Soccer Mommy Grieves Passing Time with "yellow is the color of her eyes"

Sophie Allison's second new song this year comes to terms with the dissociation of life on the road.

Brian Ziff

Sophie Allison has experienced a whirlwind in the two years since her momentous debut Clean struck the indie rock world.

Her career might still be in its early stages, but Allison knows firsthand the crushing side effects of ceaseless touring. She hints at them on "yellow is the color of her eyes," Soccer Mommy's second new single of the year. The seven-minute epic is Allison at her dreamiest, her featherlight vocals backed by hypnotic, descending guitar riffs that feel more detached than the grungy spirit that permeated Clean. These aesthetics are a fitting backdrop for the story of "yellow," in which her fears of losing time culminate as she misses her mom back at home. As Allison sings of time escaping her, "yellow" invokes a similar lapse in time as its spellbinding pace drifts on.

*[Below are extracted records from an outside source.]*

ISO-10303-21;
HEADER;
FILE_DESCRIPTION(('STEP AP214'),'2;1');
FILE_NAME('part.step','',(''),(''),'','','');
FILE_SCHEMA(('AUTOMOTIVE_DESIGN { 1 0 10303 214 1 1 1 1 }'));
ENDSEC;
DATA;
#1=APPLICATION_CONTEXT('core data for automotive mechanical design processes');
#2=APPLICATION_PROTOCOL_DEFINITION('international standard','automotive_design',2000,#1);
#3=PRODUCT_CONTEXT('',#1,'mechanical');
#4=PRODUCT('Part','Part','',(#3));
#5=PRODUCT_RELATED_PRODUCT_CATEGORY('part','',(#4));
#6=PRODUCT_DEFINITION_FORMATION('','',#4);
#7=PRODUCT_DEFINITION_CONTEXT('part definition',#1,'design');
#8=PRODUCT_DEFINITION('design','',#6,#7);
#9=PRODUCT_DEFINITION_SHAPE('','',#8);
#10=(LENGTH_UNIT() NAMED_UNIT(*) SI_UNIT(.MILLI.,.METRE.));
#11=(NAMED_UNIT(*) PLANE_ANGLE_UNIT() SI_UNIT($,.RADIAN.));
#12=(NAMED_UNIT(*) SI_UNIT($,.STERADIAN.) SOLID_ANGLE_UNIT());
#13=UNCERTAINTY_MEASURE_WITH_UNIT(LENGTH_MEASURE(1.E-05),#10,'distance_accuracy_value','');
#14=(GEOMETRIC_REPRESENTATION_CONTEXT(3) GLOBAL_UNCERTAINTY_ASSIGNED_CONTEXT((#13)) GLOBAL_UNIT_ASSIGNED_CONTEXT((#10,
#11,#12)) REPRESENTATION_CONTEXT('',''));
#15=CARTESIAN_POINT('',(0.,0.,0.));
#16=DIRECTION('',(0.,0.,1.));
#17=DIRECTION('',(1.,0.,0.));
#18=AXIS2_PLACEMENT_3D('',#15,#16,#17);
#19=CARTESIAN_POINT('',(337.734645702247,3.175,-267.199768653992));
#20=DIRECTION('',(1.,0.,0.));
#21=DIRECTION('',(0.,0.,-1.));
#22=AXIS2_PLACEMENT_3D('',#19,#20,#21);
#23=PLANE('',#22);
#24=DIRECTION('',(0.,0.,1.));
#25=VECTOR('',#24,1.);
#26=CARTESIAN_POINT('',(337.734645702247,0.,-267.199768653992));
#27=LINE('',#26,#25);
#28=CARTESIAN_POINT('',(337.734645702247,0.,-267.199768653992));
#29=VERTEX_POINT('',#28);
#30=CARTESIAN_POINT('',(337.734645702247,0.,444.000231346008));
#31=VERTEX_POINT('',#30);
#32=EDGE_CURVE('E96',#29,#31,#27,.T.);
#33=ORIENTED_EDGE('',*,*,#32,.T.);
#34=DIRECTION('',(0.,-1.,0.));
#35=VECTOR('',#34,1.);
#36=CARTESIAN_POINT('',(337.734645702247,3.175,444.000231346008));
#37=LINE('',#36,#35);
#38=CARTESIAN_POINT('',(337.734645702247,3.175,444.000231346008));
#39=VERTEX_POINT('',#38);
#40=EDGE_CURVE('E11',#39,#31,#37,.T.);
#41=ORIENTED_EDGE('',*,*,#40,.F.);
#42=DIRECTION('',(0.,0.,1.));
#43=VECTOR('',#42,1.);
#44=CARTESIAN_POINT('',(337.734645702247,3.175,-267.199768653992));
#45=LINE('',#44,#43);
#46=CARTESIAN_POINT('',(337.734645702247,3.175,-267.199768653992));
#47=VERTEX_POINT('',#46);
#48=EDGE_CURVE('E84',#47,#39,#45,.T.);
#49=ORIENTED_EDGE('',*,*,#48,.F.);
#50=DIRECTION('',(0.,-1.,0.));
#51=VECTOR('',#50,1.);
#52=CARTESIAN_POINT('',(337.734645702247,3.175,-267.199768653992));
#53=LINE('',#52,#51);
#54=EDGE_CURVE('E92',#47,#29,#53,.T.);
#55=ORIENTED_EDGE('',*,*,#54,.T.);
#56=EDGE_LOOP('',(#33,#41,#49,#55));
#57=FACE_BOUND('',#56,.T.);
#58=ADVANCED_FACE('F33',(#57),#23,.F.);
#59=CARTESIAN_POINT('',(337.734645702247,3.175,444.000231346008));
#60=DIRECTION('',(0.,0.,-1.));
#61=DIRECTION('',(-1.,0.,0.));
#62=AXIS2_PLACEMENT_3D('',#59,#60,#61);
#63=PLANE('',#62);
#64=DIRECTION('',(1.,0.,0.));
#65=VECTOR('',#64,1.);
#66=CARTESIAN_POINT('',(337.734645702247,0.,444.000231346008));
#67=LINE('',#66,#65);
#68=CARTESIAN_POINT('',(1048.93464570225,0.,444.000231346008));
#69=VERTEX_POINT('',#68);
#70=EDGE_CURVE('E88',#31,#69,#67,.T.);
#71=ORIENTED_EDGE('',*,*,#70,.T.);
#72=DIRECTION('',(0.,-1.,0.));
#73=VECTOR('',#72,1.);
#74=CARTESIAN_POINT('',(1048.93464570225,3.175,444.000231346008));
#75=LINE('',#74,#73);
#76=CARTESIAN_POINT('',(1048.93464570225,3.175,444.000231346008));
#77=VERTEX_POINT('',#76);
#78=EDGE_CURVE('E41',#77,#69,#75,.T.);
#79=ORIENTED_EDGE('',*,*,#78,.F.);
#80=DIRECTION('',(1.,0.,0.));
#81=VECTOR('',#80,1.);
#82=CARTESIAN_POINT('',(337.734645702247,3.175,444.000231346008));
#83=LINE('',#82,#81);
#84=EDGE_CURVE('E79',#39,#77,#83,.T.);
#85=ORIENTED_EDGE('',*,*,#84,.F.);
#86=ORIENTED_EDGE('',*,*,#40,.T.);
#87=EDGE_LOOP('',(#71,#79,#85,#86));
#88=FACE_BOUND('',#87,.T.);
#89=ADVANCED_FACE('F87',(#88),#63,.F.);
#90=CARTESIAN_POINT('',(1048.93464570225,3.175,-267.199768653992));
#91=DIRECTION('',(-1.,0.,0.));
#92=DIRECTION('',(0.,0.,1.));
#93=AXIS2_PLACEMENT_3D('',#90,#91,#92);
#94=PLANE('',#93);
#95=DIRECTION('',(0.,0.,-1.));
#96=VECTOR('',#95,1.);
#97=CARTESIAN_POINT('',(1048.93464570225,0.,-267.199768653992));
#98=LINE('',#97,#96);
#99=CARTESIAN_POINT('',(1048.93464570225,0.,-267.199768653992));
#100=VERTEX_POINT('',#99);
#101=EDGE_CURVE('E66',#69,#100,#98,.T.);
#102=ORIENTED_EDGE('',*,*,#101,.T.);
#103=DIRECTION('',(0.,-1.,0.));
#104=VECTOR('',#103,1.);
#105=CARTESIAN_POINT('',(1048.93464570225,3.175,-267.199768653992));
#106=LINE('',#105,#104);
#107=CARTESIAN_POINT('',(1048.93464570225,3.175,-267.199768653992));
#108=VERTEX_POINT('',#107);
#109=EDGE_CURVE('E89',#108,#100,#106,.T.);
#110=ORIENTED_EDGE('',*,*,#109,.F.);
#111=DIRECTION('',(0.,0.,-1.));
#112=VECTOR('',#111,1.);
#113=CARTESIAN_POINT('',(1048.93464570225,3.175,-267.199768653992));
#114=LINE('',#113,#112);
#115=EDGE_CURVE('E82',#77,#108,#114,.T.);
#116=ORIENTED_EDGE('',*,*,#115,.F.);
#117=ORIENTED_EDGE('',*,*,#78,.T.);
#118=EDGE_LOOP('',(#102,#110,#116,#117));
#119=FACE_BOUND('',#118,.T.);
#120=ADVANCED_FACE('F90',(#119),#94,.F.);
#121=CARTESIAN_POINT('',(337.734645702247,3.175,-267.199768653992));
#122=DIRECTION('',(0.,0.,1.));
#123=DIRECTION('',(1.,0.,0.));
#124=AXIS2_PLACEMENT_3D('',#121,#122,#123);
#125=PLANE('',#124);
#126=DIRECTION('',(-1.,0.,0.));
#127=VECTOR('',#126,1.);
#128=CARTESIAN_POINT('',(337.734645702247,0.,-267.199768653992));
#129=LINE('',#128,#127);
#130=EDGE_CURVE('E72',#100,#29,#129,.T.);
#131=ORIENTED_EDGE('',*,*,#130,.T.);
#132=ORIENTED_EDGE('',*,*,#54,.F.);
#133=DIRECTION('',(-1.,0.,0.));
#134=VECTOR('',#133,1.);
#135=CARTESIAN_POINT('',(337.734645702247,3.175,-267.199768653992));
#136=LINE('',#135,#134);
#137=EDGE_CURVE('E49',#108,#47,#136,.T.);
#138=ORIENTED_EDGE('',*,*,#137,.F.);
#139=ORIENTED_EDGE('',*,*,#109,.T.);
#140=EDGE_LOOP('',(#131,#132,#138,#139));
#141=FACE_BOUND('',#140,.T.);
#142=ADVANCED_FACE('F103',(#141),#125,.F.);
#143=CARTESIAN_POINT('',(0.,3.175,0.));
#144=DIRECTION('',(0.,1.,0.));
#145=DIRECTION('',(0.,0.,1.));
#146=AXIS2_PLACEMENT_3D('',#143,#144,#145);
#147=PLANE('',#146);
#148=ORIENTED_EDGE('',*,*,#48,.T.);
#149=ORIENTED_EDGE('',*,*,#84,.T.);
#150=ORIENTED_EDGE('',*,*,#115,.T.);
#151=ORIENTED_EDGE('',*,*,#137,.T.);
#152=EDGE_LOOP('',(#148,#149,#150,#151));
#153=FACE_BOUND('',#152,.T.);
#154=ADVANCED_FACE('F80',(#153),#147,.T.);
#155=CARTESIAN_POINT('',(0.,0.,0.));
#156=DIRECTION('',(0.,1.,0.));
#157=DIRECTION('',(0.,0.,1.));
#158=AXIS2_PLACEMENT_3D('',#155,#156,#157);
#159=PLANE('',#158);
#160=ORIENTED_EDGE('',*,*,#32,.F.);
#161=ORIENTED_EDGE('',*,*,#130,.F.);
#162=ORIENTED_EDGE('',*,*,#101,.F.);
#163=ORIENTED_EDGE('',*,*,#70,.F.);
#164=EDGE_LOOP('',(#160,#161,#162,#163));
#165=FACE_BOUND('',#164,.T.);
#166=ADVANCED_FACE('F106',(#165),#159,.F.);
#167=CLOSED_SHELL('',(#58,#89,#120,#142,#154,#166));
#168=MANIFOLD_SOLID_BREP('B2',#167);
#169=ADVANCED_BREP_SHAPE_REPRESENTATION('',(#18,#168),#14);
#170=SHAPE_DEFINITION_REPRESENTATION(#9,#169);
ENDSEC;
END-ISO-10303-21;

Allison is proficient in catchy melodies and couplets, of which "yellow" contains plenty: "I'm falling apart over a memory / And the weight in my heart is getting too heavy / 'Cause every word is a nail that slips in slowly / And I can't hammer it down enough to keep holding." But even with her poppy roots guiding her, Allison still often embraces the grim and grotesque. She blatantly alludes to her mother's eventual death here—"Loving you isn't enough, you'll still be deep in the ground when it's done"—the type of sudden, wide-eyed realizations that comprise the best Soccer Mommy songs.

Allison is an endlessly sharp and stirring songwriter; and as the extended coda of "yellow" gives way to beguiling electric guitar and harp solos, it invites us to think about where time and life have escaped us, even at home.